Skins888, welcome to IronMagazine Forums! 

*FYI* - this forum is for new member introductions, please post specific questions in the appropriate forums, thanks! 

*Forums:*

Weight Training
Supplements
Diet & Nutrition
Anabolic Zone
General Health

*Please join our Free newsletter: *Sign-up Here!

*Check out all of the benefits of becoming an* Elite Member

*Please Like Us On FB:*




*Note: This is an automated message.*


----------



## DaMaster (Jul 29, 2013)

Welcome aboard


----------



## Skins888 (Jul 29, 2013)

DaMaster said:


> Welcome aboard



Thanks


----------



## IronAddict (Jul 29, 2013)

Welcome Skins888, o o ooo oh.... 







                    the right stuff!


----------



## dieseljimmy (Jul 29, 2013)

skins... whats up girl


holy geez Iron... your sign is giving me a seizure....


----------



## Skins888 (Jul 29, 2013)

Diesel, ur avatar looks alot like my chihuahua. BITCHY as hell haha


----------



## IronAddict (Jul 29, 2013)

dieseljimmy said:


> skins... whats up girl
> 
> 
> holy geez Iron... your sign is giving me a seizure....



Lol. My goal today is to get 1 person to have an epileptic seizure.


----------



## charley (Jul 29, 2013)

_*
Welcome !!!*_  [a puff of weed a day keeps the doctor away]


----------



## Skins888 (Jul 29, 2013)

charley said:


> _*
> Welcome !!!*_  [a puff of weed a day keeps the doctor away]




Thanks ;-)


----------



## Sherk (Jul 29, 2013)

Welcome to the board skins


----------



## Swfl (Jul 29, 2013)

IronAddict said:


> Lol. My goal today is to get 1 person to have an epileptic seizure.

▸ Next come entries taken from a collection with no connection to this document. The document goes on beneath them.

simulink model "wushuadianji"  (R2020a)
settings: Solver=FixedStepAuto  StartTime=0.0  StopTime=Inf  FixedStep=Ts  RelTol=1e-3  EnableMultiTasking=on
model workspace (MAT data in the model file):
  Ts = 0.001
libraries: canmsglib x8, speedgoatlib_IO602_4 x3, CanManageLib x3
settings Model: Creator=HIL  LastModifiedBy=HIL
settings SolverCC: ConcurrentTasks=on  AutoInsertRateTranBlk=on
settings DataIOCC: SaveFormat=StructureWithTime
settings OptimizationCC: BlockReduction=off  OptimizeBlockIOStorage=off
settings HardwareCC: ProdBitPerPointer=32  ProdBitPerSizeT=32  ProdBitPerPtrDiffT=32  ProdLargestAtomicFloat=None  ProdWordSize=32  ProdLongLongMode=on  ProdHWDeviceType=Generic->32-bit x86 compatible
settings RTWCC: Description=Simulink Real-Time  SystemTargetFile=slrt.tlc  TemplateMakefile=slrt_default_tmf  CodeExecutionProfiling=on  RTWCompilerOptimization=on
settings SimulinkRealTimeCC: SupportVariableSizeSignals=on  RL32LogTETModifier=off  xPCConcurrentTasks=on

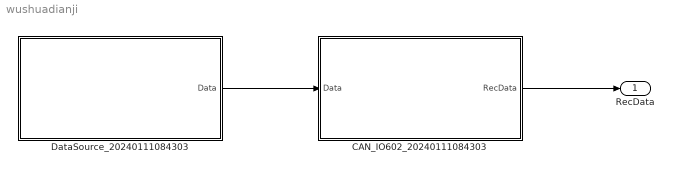
== system wushuadianji ==
  CAN_IO602_20240111084303 : Subsystem
  DataSource_20240111084303 : Subsystem
  RecData : Outport
  wires:
  DataSource_20240111084303/1(Data) -> CAN_IO602_20240111084303/1(Data)
  CAN_IO602_20240111084303/1(RecData) -> RecData/1

== system wushuadianji/CAN_IO602_20240111084303 ==
  Data : Inport
  CAN Receive : Subsystem  TreatAsAtomicUnit=on
  CAN Setup : speedgoatlib_IO602_4/Legacy/CAN Setup   moduletype=IO602  id=1  pciSlot=-1  chn1=CAN (HS)  chn2=CAN (HS)  chn3=Disabled  chn4=Disabled  initStruct=[]  termStruct=[]  ArbitrationbdrChn1=500 kBaud  ArbitrationManbdrChn1=[2,16,63,16]  FdbdrChn1=5.0 MBaud  FdManbdrChn1=[2,2,5,2]  ArbitrationbdrChn2=500 kBaud  ArbitrationManbdrChn2=[2,16,63,16]  FdbdrChn2=5.0 MBaud  FdManbdrChn2=[2,2,5,2]  ArbitrationbdrChn3=1.0 MBaud  ArbitrationManbdrChn3=[2,8,31,8]  FdbdrChn3=5.0 MBaud  FdManbdrChn3=[2,2,5,2]  ArbitrationbdrChn4=1.0 MBaud  ArbitrationManbdrChn4=[2,8,31,8]  FdbdrChn4=5.0 MBaud  FdManbdrChn4=[2,2,5,2]  moduleInitValues=[602 1 -1 -1]
      settings: SourceProductName=Simulink Real-Time: Speedgoat I/O Blockset
  CAN Transmit : Subsystem  TreatAsAtomicUnit=on
  Enable : BusSelector  OutputSignals=Trigger.Enable_CanTransmit
  RecData : Outport
  wires:
  Enable/1 -> CAN Transmit/Enable  "<Enable_CanTransmit>"
  Data/1 -> CAN Transmit/1(Data), Enable/1
  CAN Receive/1(RecData) -> RecData/1

== system wushuadianji/DataSource_20240111084303 ==
  Bus Creator : BusCreator  Inputs=2
  Signal : Subsystem
  Trigger : Subsystem
  Data : Outport
  wires:
  Trigger/1(Trigger) -> Bus Creator/1  "Trigger"
  Signal/1(Signal) -> Bus Creator/2  "Signal"
  Bus Creator/1 -> Data/1  "Data"

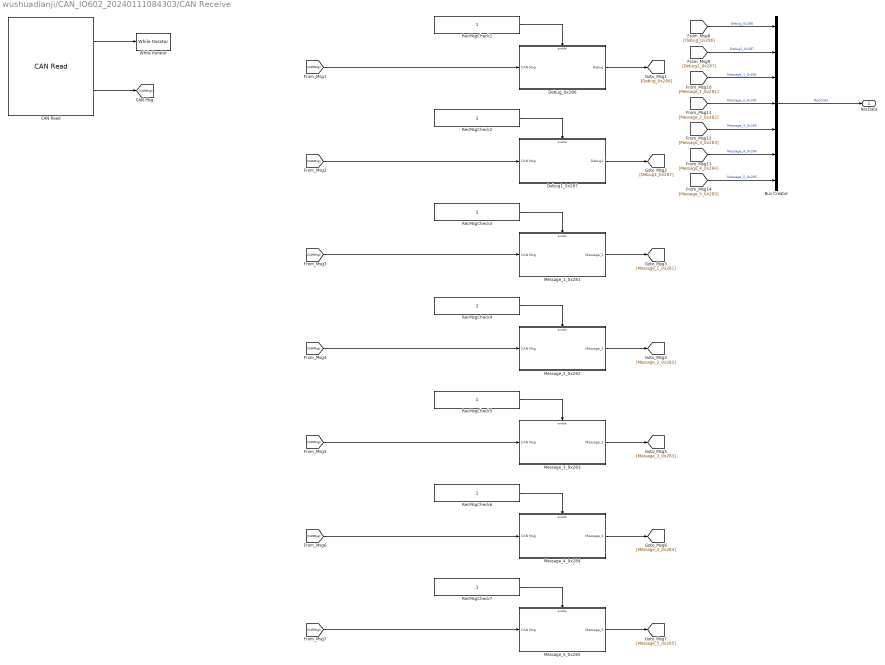
== system wushuadianji/CAN_IO602_20240111084303/CAN Receive ==
  Bus Creator : BusCreator  Inputs=7
  CAN Read : speedgoatlib_IO602_4/Legacy/CAN Read  id=1  ts=-1  channel=1  messageType=CAN  canType=CAN (HS)  BusOutput=on  initValues=[602 1 -1 0 1 1 1]
      settings: SourceProductName=Simulink Real-Time: Speedgoat I/O Blockset
  Debug1_0x287 : Subsystem  TreatAsAtomicUnit=on
  Debug_0x286 : Subsystem  TreatAsAtomicUnit=on
  Message_1_0x281 : Subsystem  TreatAsAtomicUnit=on
  Message_2_0x282 : Subsystem  TreatAsAtomicUnit=on
  Message_3_0x283 : Subsystem  TreatAsAtomicUnit=on
  Message_4_0x284 : Subsystem  TreatAsAtomicUnit=on
  Message_5_0x285 : Subsystem  TreatAsAtomicUnit=on
  RecMsgCheck{1..7} (7 alike) : Constant  OutDataTypeStr=boolean
  While Iterator : WhileIterator  MaxIters=500  WhileBlockType=do-while
  RecData : Outport
  wires:
  CAN Read/1 -> While Iterator/1
  CAN Read/2 -> [CANMsg]
  RecMsgCheck1/1 -> Debug_0x286/Enable
  [CANMsg] -> Debug_0x286/1(CAN Msg)
  Debug_0x286/1(Debug) -> [Debug_0x286]
  RecMsgCheck2/1 -> Debug1_0x287/Enable
  [CANMsg] -> Debug1_0x287/1(CAN Msg)
  Debug1_0x287/1(Debug1) -> [Debug1_0x287]
  RecMsgCheck3/1 -> Message_1_0x281/Enable
  [CANMsg] -> Message_1_0x281/1(CAN Msg)
  Message_1_0x281/1(Message_1) -> [Message_1_0x281]
  RecMsgCheck4/1 -> Message_2_0x282/Enable
  [CANMsg] -> Message_2_0x282/1(CAN Msg)
  Message_2_0x282/1(Message_2) -> [Message_2_0x282]
  RecMsgCheck5/1 -> Message_3_0x283/Enable
  [CANMsg] -> Message_3_0x283/1(CAN Msg)
  Message_3_0x283/1(Message_3) -> [Message_3_0x283]
  RecMsgCheck6/1 -> Message_4_0x284/Enable
  [CANMsg] -> Message_4_0x284/1(CAN Msg)
  Message_4_0x284/1(Message_4) -> [Message_4_0x284]
  RecMsgCheck7/1 -> Message_5_0x285/Enable
  [CANMsg] -> Message_5_0x285/1(CAN Msg)
  Message_5_0x285/1(Message_5) -> [Message_5_0x285]
  [Debug_0x286] -> Bus Creator/1  "Debug_0x286"
  [Debug1_0x287] -> Bus Creator/2  "Debug1_0x287"
  [Message_1_0x281] -> Bus Creator/3  "Message_1_0x281"
  [Message_2_0x282] -> Bus Creator/4  "Message_2_0x282"
  [Message_3_0x283] -> Bus Creator/5  "Message_3_0x283"
  [Message_4_0x284] -> Bus Creator/6  "Message_4_0x284"
  [Message_5_0x285] -> Bus Creator/7  "Message_5_0x285"
  Bus Creator/1 -> RecData/1  "RecData"

== system wushuadianji/CAN_IO602_20240111084303/CAN Transmit ==
  Data : Inport
  Enable : EnablePort
  Data1 : BusSelector  OutputSignals=Trigger.Vector__XXX,Signal.Vector__XXX
  Enable1 : BusSelector  OutputSignals=Enable_Vector__XXX
  Vector__XXX : Subsystem  TreatAsAtomicUnit=on
  wires:
  Data/1 -> Data1/1
  Data1/1 -> Vector__XXX/1(Trigger), Enable1/1  "<Vector__XXX>"
  Data1/2 -> Vector__XXX/2(Vector__XXX)  "<Vector__XXX>"
  Enable1/1 -> Vector__XXX/Enable  "<Enable_Vector__XXX>"

== system wushuadianji/DataSource_20240111084303/Signal ==
  Bus Creator : BusCreator  Inputs=1
  Signal_Vector__XXX : Subsystem
  Signal : Outport
  wires:
  Signal_Vector__XXX/1(Vector__XXX) -> Bus Creator/1  "Vector__XXX"
  Bus Creator/1 -> Signal/1  "Signal"

== system wushuadianji/DataSource_20240111084303/Trigger ==
  Bus Creator : BusCreator  Inputs=2
  Enable_CanTransmit : Constant
  Trigger_Vector__XXX : Subsystem
  Trigger : Outport
  wires:
  Trigger_Vector__XXX/1(Vector__XXX) -> Bus Creator/1  "Vector__XXX"
  Enable_CanTransmit/1 -> Bus Creator/2  "Enable_CanTransmit"
  Bus Creator/1 -> Trigger/1  "Trigger"

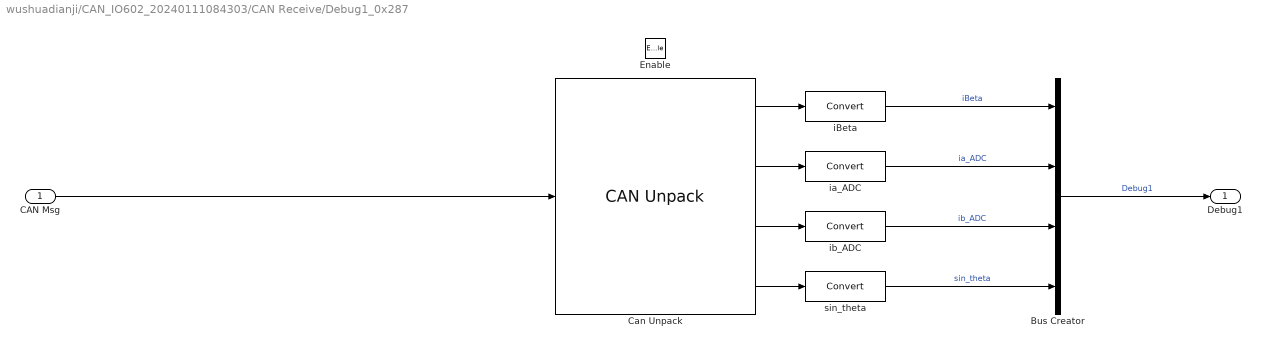
== system wushuadianji/CAN_IO602_20240111084303/CAN Receive/Debug1_0x287 ==
  CAN Msg : Inport
  Enable : EnablePort
  Bus Creator : BusCreator  Inputs=4
  Can Unpack : canmsglib/CAN Unpack  CANdbFile=F:\湖大艾盛\wushuadianji_20230612.dbc  MsgList=Debug1  MsgName=Debug1  MsgIDType=Standard (11-bit identifier)  MsgIdentifier=647  MsgLength=8  SignalInfo={'iBeta','8','16','BE','signed','Standard','0','0.01','0','-Inf','Inf';'ia_ADC','40','16','BE','unsigned','Standard','0','1','0','-Inf','Inf';'ib_ADC','56','16','BE','unsigned','Standard','0','1','0','-Inf','Inf';'sin_theta','24','16','BE','signed','Standard','0','0.001','0','-Inf','Inf'}  IDPort=off  TimestampPort=off  ErrorPort=off  RemotePort=off  LengthPort=off  StatusPort=off  ApplyMinMax=off
      settings: SourceProductBaseCode=ME,VN  DataFormat=CANdb specified signals
  iBeta : DataTypeConversion
  ia_ADC : DataTypeConversion
  ib_ADC : DataTypeConversion
  sin_theta : DataTypeConversion
  Debug1 : Outport
  wires:
  CAN Msg/1 -> Can Unpack/1
  Can Unpack/1 -> iBeta/1
  iBeta/1 -> Bus Creator/1  "iBeta"
  Can Unpack/2 -> ia_ADC/1
  ia_ADC/1 -> Bus Creator/2  "ia_ADC"
  Can Unpack/3 -> ib_ADC/1
  ib_ADC/1 -> Bus Creator/3  "ib_ADC"
  Can Unpack/4 -> sin_theta/1
  sin_theta/1 -> Bus Creator/4  "sin_theta"
  Bus Creator/1 -> Debug1/1  "Debug1"

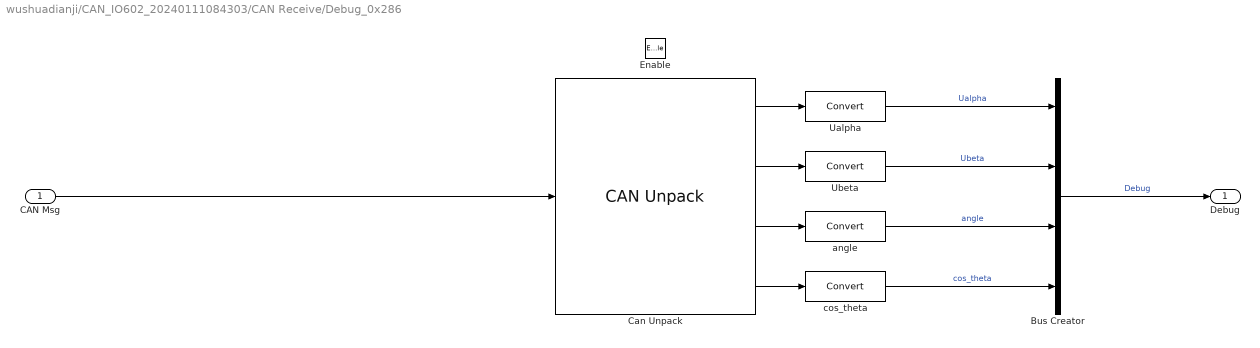
== system wushuadianji/CAN_IO602_20240111084303/CAN Receive/Debug_0x286 ==
  CAN Msg : Inport
  Enable : EnablePort
  Bus Creator : BusCreator  Inputs=4
  Can Unpack : canmsglib/CAN Unpack  CANdbFile=F:\湖大艾盛\wushuadianji_20230612.dbc  MsgList=Debug  MsgName=Debug  MsgIDType=Standard (11-bit identifier)  MsgIdentifier=646  MsgLength=8  SignalInfo={'Ualpha','40','16','BE','signed','Standard','0','1','0','-Inf','Inf';'Ubeta','56','16','BE','signed','Standard','0','1','0','-Inf','Inf';'angle','8','16','BE','unsigned','Standard','0','1','0','-Inf','Inf';'cos_theta','24','16','BE','signed','Standard','0','0.001','0','-Inf','Inf'}  IDPort=off  TimestampPort=off  ErrorPort=off  RemotePort=off  LengthPort=off  StatusPort=off  ApplyMinMax=off
      settings: SourceProductBaseCode=ME,VN  DataFormat=CANdb specified signals
  Ualpha : DataTypeConversion
  Ubeta : DataTypeConversion
  angle : DataTypeConversion
  cos_theta : DataTypeConversion
  Debug : Outport
  wires:
  CAN Msg/1 -> Can Unpack/1
  Can Unpack/1 -> Ualpha/1
  Ualpha/1 -> Bus Creator/1  "Ualpha"
  Can Unpack/2 -> Ubeta/1
  Ubeta/1 -> Bus Creator/2  "Ubeta"
  Can Unpack/3 -> angle/1
  angle/1 -> Bus Creator/3  "angle"
  Can Unpack/4 -> cos_theta/1
  cos_theta/1 -> Bus Creator/4  "cos_theta"
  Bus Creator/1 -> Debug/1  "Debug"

Mission accomplished!!! can someone please scrape me off the floor. PLEASE


----------



## Swfl (Jul 29, 2013)

oh yeah welcome Skins. Are you a skins fan or a fan of showing skin?


----------



## poppa_cracker (Jul 29, 2013)

welcome to the board!


----------



## dieseljimmy (Jul 29, 2013)

Skins888 said:


> Diesel, ur avatar looks alot like my chihuahua. BITCHY as hell haha



My chihuahua is bitchy because of masteron. Nope actually that me! 
What would you like for welcome party. We do have a resident stripper..


----------



## Stfuandlift (Jul 29, 2013)

Welcome skins


----------



## brazey (Jul 29, 2013)

Welcome to the community.


----------



## MuscleGauge1 (Jul 29, 2013)

Welcome to the forum. What type of workout and training program are you currently using? Also how is your diet? What type of nutrition program are you currently using as well? How many calories and how many meals per day? Lets put you together a plan.


----------



## Miss Springsteen (Jul 29, 2013)

welcome!!


----------



## Ronnie81 (Jul 29, 2013)

Welcome to IMF.


----------



## Ichigo (Jul 29, 2013)

Welcome skins.


----------



## kboy (Jul 29, 2013)

Welcome aboard!!!!!!!


----------



## sneedham (Jul 29, 2013)

Swfl said:


> oh yeah welcome Skins. Are you a skins fan or a fan of showing skin?


Welcome Skins!!!!!! and what Swfl said....


----------



## Christsean (Jul 29, 2013)

Welcome


----------



## Skins888 (Jul 30, 2013)

sneedham said:


> Welcome Skins!!!!!! and what Swfl said....




Giants can all the way so I'd have to say I'm a fan of showing skin ;-)


----------



## Swfl (Jul 30, 2013)

Skins888 said:


> Giants can all the way so I'd have to say I'm a fan of showing skin ;-)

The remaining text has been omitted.